Haha! So you feel me on that subject! Good to know I'm not the only one! And GPL... You tell BK bout my quad whoppers... and I would happily show my fat a** in their commercials! Ohhh yeah!


----------



## AppreSheAte (Nov 17, 2006)

i could have made comments like...

wow, is that ever stacked, 

but i wouldnt have been referring to the burger

:smitten: :wubu: :smitten:


----------



## Still a Skye fan (Nov 20, 2006)

Hey Sasha!

Just wanted to say thanks for the great pic and the idea of a quadruple Whopper is intriguing but I don't know if I'm brave enough to try one yet...yes, I adore GOOD burgers every now and then.

The Burger King guy scares me, too, but getting to see you or any equally gorgeous gal enjoying a huge burger on a TV commercial would be outstanding.


Dennis


----------



## chrisb_2516 (Nov 23, 2006)

I just wanted to say that this is a great thread! The QuadWhopper is quite the accomplishment! I like the manager's response too. LOL.


----------



## BigCutieSasha (Nov 25, 2006)

lol, Thanks guys! Yeah you like reading about them. But actually having one... ohh baby! Good stuff! If any of you guys dare to try one sometime... take a pic for me please!  I want to see you all rock the quad whopper!
Sasha


----------



## collegeguy2514 (Nov 26, 2006)

BigCutieSasha said:


> lol, Thanks guys! Yeah you like reading about them. But actually having one... ohh baby! Good stuff! If any of you guys dare to try one sometime... take a pic for me please!  I want to see you all rock the quad whopper!
> Sasha


if it wasnt for the fact that all of the burger kinds around here suck balls, i'd try one.


----------



## Green Eyed Fairy (Nov 27, 2006)

CurvyEm said:


> Wow. You're so pretty!




Amen, my first thought


----------



## loves2feed (Nov 29, 2006)

That we could catch you in action? Perhaps a video of you munching on some great grub like the "quad whopper?" (please say yes!)

J


----------



## Fuzzy (Nov 29, 2006)

Oh.. you wanted a pic too?

I went to BK after the lunch rush so I wouldn't hold up the lunch line. I ordered as above, a triple with a extra patty. The cashier didn't miss a beat. "A Quad-Whopper? Would you like fries with that?"
From the way she smiled at me, I thought for a moment if she were a FFA.
I needed extra ketchup on the side to finish it tho. Thats a whole lotta hamburger.


----------



## BigCutieSasha (Nov 29, 2006)

Fuzzy said:


> Oh.. you wanted a pic too?
> 
> I went to BK after the lunch rush so I wouldn't hold up the lunch line. I ordered as above, a triple with a extra patty. The cashier didn't miss a beat. "A Quad-Whopper? Would you like fries with that?"
> From the way she smiled at me, I thought for a moment if she were a FFA.
> I needed extra ketchup on the side to finish it tho. Thats a whole lotta hamburger.

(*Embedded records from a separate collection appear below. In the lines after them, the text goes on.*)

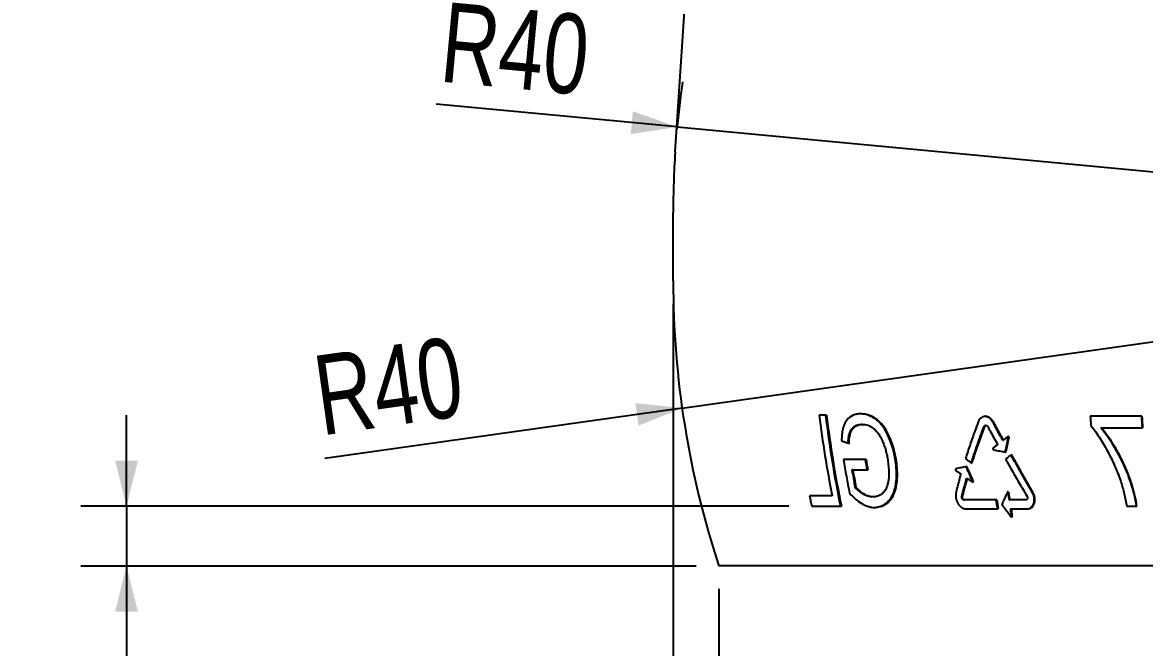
# Model space of a CAD drawing. Header units: millimetres. Extents: x -54 to 586, y 8 to 412.
# Drawn here: x 14.61 to 63.84, y 146.24 to 173.65 of the extents above; entities that cross this region are included whole.
import ezdxf

# ---------------------------------------------------------------- set-up
doc = ezdxf.new("R2010")
doc.units = ezdxf.units.MM
doc.layers.add('DIMENSIONS', color=2, linetype='Continuous')
doc.layers.add('OUTLINE', color=7, linetype='Continuous', lineweight=25)
doc.styles.add('SLDTEXTSTYLE0', font='TXT', dxfattribs={"width": 0.75})
doc.dimstyles.new('SLDDIMSTYLE0', dxfattribs={"dimtxt": 3.5, "dimasz": 2, "dimexe": 0, "dimexo": 0.0625, "dimgap": 0.875, "dimtad": 1, "dimrnd": 1e-09, "dimzin": 12, "dimdsep": 46, "dimtxsty": 'SLDTEXTSTYLE0', "dimsah": 1, "dimcen": 0.09, "dimadec": 0, "dimazin": 3, "dimtfac": 1, "dimtofl": 0, "dimtmove": 0, "dimatfit": 3, "dimfxl": 0, "dimfrac": 2, "dimtolj": 1, "dimtzin": 12, "dimarcsym": 0})
doc.dimstyles.new('SLDDIMSTYLE1', dxfattribs={"dimtxt": 3.5, "dimasz": 2, "dimexe": 0, "dimexo": 0.0625, "dimgap": 0.875, "dimtad": 1, "dimrnd": 1e-09, "dimzin": 12, "dimdsep": 46, "dimtxsty": 'SLDTEXTSTYLE0', "dimsah": 1, "dimcen": 0, "dimadec": 0, "dimazin": 3, "dimtfac": 1, "dimtofl": 0, "dimtmove": 0, "dimatfit": 3, "dimfxl": 0, "dimfrac": 2, "dimtolj": 1, "dimtzin": 12, "dimarcsym": 0})
doc.dimstyles.new('SLDDIMSTYLE5', dxfattribs={"dimtxt": 3.5, "dimasz": 2, "dimexe": 0, "dimexo": 0.0625, "dimgap": 0.875, "dimtad": 1, "dimrnd": 1e-09, "dimzin": 12, "dimdsep": 46, "dimtxsty": 'SLDTEXTSTYLE0', "dimsah": 1, "dimcen": 0.09, "dimadec": 0, "dimazin": 3, "dimtol": 1, "dimtp": 0.05, "dimtfac": 1, "dimtofl": 0, "dimtmove": 0, "dimatfit": 3, "dimfxl": 0, "dimfrac": 2, "dimtolj": 1, "dimarcsym": 0})
doc.dimstyles.new('SLDDIMSTYLE6', dxfattribs={"dimtxt": 3.5, "dimasz": 2, "dimexe": 0, "dimexo": 0.0625, "dimgap": 0.875, "dimtad": 1, "dimrnd": 1e-09, "dimzin": 12, "dimdsep": 46, "dimtxsty": 'SLDTEXTSTYLE0', "dimsah": 1, "dimcen": 0.09, "dimadec": 0, "dimazin": 3, "dimtfac": 1, "dimtmove": 0, "dimatfit": 0, "dimfxl": 0, "dimfrac": 2, "dimtolj": 1, "dimtzin": 12, "dimarcsym": 0})
doc.dimstyles.new('SLDDIMSTYLE7', dxfattribs={"dimtxt": 3.5, "dimasz": 2, "dimexe": 0, "dimexo": 0.0625, "dimgap": 0.875, "dimtad": 1, "dimrnd": 1e-09, "dimzin": 12, "dimdsep": 46, "dimtxsty": 'SLDTEXTSTYLE0', "dimsah": 1, "dimcen": 0, "dimadec": 0, "dimazin": 3, "dimtfac": 1, "dimtofl": 0, "dimtmove": 0, "dimatfit": 3, "dimfxl": 0, "dimfrac": 2, "dimtolj": 1, "dimtzin": 12, "dimarcsym": 0})

# ---------------------------------------------------------------- blocks, each defined once
blk = doc.blocks.new('_D_7')
at = {"layer": 'DIMENSIONS'}
for p, q in [((45.163, 148.819), (45.163, 135.931)), ((109.657, 148.819), (109.657, 135.931)), ((45.163, 137.931), (109.657, 137.931))]:
    blk.add_line(p, q, dxfattribs=at)
for points in [[(45.163, 137.931), (47.163, 137.431), (47.163, 138.431)], [(109.657, 137.931), (107.657, 138.431), (107.657, 137.431)]]:
    blk.add_solid(points, dxfattribs=at)
at = {"layer": 'DIMENSIONS', "attachment_point": 1, "style": 'SLDTEXTSTYLE0'}
for s, insert, char_height in [('0,05', (84.106, 145.397), 2.5), ('+', (82.085, 145.397), 2.5), ('%%c', (64.25, 142.442), 3.5), ('64,49', (69.526, 142.442), 3.5), ('0', (84.106, 141.432), 2.5)]:
    blk.add_mtext(s, dxfattribs=dict(at, insert=insert, char_height=char_height))
blk = doc.blocks.new('_D_11')
at = {"layer": 'DIMENSIONS'}
for q in [(32.765, 170.068), (83.16, 165.319)]:
    blk.add_line((43.336, 169.072), q, dxfattribs=at)
blk.add_arc((83.16, 165.319), 40, 171.7551, 174.763, dxfattribs=at)
blk.add_solid([(43.336, 169.072), (41.392, 169.757), (41.298, 168.761)], dxfattribs=at)
at = {"layer": 'DIMENSIONS', "insert": (33.187, 174.555), "char_height": 3.5, "attachment_point": 1, "rotation": 354.6175, "style": 'SLDTEXTSTYLE0'}
blk.add_mtext('R40', dxfattribs=at)
blk = doc.blocks.new('_D_14')
at = {"layer": 'DIMENSIONS'}
for p, q in [((43.16, 161.319), (43.16, 128.144)), ((111.66, 161.319), (111.66, 128.144)), ((111.66, 130.144), (43.16, 130.144))]:
    blk.add_line(p, q, dxfattribs=at)
for points in [[(43.16, 130.144), (45.16, 129.644), (45.16, 130.644)], [(111.66, 130.144), (109.66, 130.644), (109.66, 129.644)]]:
    blk.add_solid(points, dxfattribs=at)
at = {"layer": 'DIMENSIONS', "char_height": 3.5, "attachment_point": 1, "style": 'SLDTEXTSTYLE0'}
for s, insert in [('%%c', (70.245, 134.656)), ('68,5', (75.523, 134.71))]:
    blk.add_mtext(s, dxfattribs=dict(at, insert=insert))
blk = doc.blocks.new('_D_23')
at = {"layer": 'DIMENSIONS'}
for q in [(83.16, 162.319), (27.872, 154.538)]:
    blk.add_line((43.55, 156.744), q, dxfattribs=at)
blk.add_solid([(43.55, 156.744), (41.5, 156.961), (41.639, 155.971)], dxfattribs=at)
at = {"layer": 'DIMENSIONS', "insert": (27.243, 159.001), "char_height": 3.5, "attachment_point": 1, "rotation": 8.0118, "style": 'SLDTEXTSTYLE0'}
blk.add_mtext('R40', dxfattribs=at)
blk = doc.blocks.new('_D_24')
at = {"layer": 'DIMENSIONS'}
for p, q in [((19.177, 152.439), (19.177, 156.439)), ((48.238, 152.439), (17.177, 152.439)), ((19.177, 152.439), (19.177, 149.819)), ((44.163, 149.819), (17.177, 149.819)), ((19.177, 149.819), (19.177, 139.012))]:
    blk.add_line(p, q, dxfattribs=at)
for points in [[(19.177, 152.439), (19.677, 154.439), (18.677, 154.439)], [(19.177, 149.819), (18.677, 147.819), (19.677, 147.819)]]:
    blk.add_solid(points, dxfattribs=at)
at = {"layer": 'DIMENSIONS', "insert": (14.665, 139.012), "char_height": 3.5, "attachment_point": 1, "rotation": 90, "style": 'SLDTEXTSTYLE0'}
blk.add_mtext('2,62', dxfattribs=at)

msp = doc.modelspace()

# ---------------------------------------------------------------- linework, layer by layer
at = {"layer": 'OUTLINE'}
for p, q in [((43.24799, 167.97387), (45.6894, 204.68356)), ((43.15983, 162.31949), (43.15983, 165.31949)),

Ohhh hell yeah Fuzzy!!! Even with no pic I have to give you props for putting one of those away! And as for the FFA register girl, ohhh you know she was wishing she got off work that minute to watch you enjoy it  Its cool about the pic. I will let it slide! hehe


----------



## olly5764 (Dec 5, 2006)

Great Burger, are you gunna go for 5, or even 6???


----------



## runningman (Dec 10, 2006)

You're beautiful and when the day comes that you go for the 5 whopper pattie burger please give me advance notice coz I wanna be there! :smitten: 

In the meantime feel free to get stuck into my avatar!  :eat1:


----------



## BigCutieSasha (Dec 10, 2006)

runningman... you cant tell.. but Im looking with envious eyes at your delish pics of burger delight!


----------



## Emma (Dec 10, 2006)

I don't know if the whoppers are the same size over in the US but I ate a double one with cheese and felt so full that I could hardly walk LOL You did well girl.


----------



## BigCutieSasha (Dec 11, 2006)

Me and my home boy Sean aka SlugoPoet are going to make a mini series of random videos. Him and me going to different places trying to find food that makes us both full... And on the list... yes... BK... i mght have to go quad whopper on all your asses and put in on film  I will keep you posted!


----------



## mikael (Dec 11, 2006)

oh Sasha, you look so cute. You seem so happy to have your 4 patties


----------



## BigCutieSasha (Dec 12, 2006)

mikael said:


> oh Sasha, you look so cute. You seem so happy to have your 4 patties


Ohhh I get happy just thinking about them! Soooo delish!


----------



## BigCutieSasha (Dec 12, 2006)

BMcGuire88 said:


> wow, for a second i thought bk was making a quad whopper lol. i used to deliver plants and i was out on a delivery when i picked up a triple (when it first came out) and ate it on the way back to the store. i went "whoaaa" as i stepped down from the cab, moving all slow. the other driver laughed at me and asked if i had too long a trip.
> 
> p.s. your really cute. and brave.


HAHA... Love the story. U should try a quad whopper, with cheese, and bacon. WOOHOO  WHo likes the sound of that baby!? But yeah i definatly like to take it easy and chill after one of those. Maybe a nice belly rub. Ohhhh so nice


----------



## runningman (Dec 12, 2006)

On a visit to the US last year I ordered a burger called 'The big Irish' from a Bennigans restaurant in Boston. It was very nice and also had lots of cheese and bacon but I'm afraid I coudn't have finished it if I'd been there a week! I'm not sure how it would have compared size-wise to a quad-whopper but all this talk of burgers got me thinking. I am partial to a half-pounder cheeseburger with just onions, tomatos & BBQ sauce from a local pizza & Burger place. I can finish that ok. :eat1:  

And don't simply consider taking on the quad-whopper and filming it. It has to be done! Or are you scared? (employ the old reverse psychology set them a challenge trick..............  )


----------



## jaxjaguar (Dec 12, 2006)

that thing looks damn good! i'd need plenty of ketchup and mayo on mine with some fries and a cold pepsi. nice!!


----------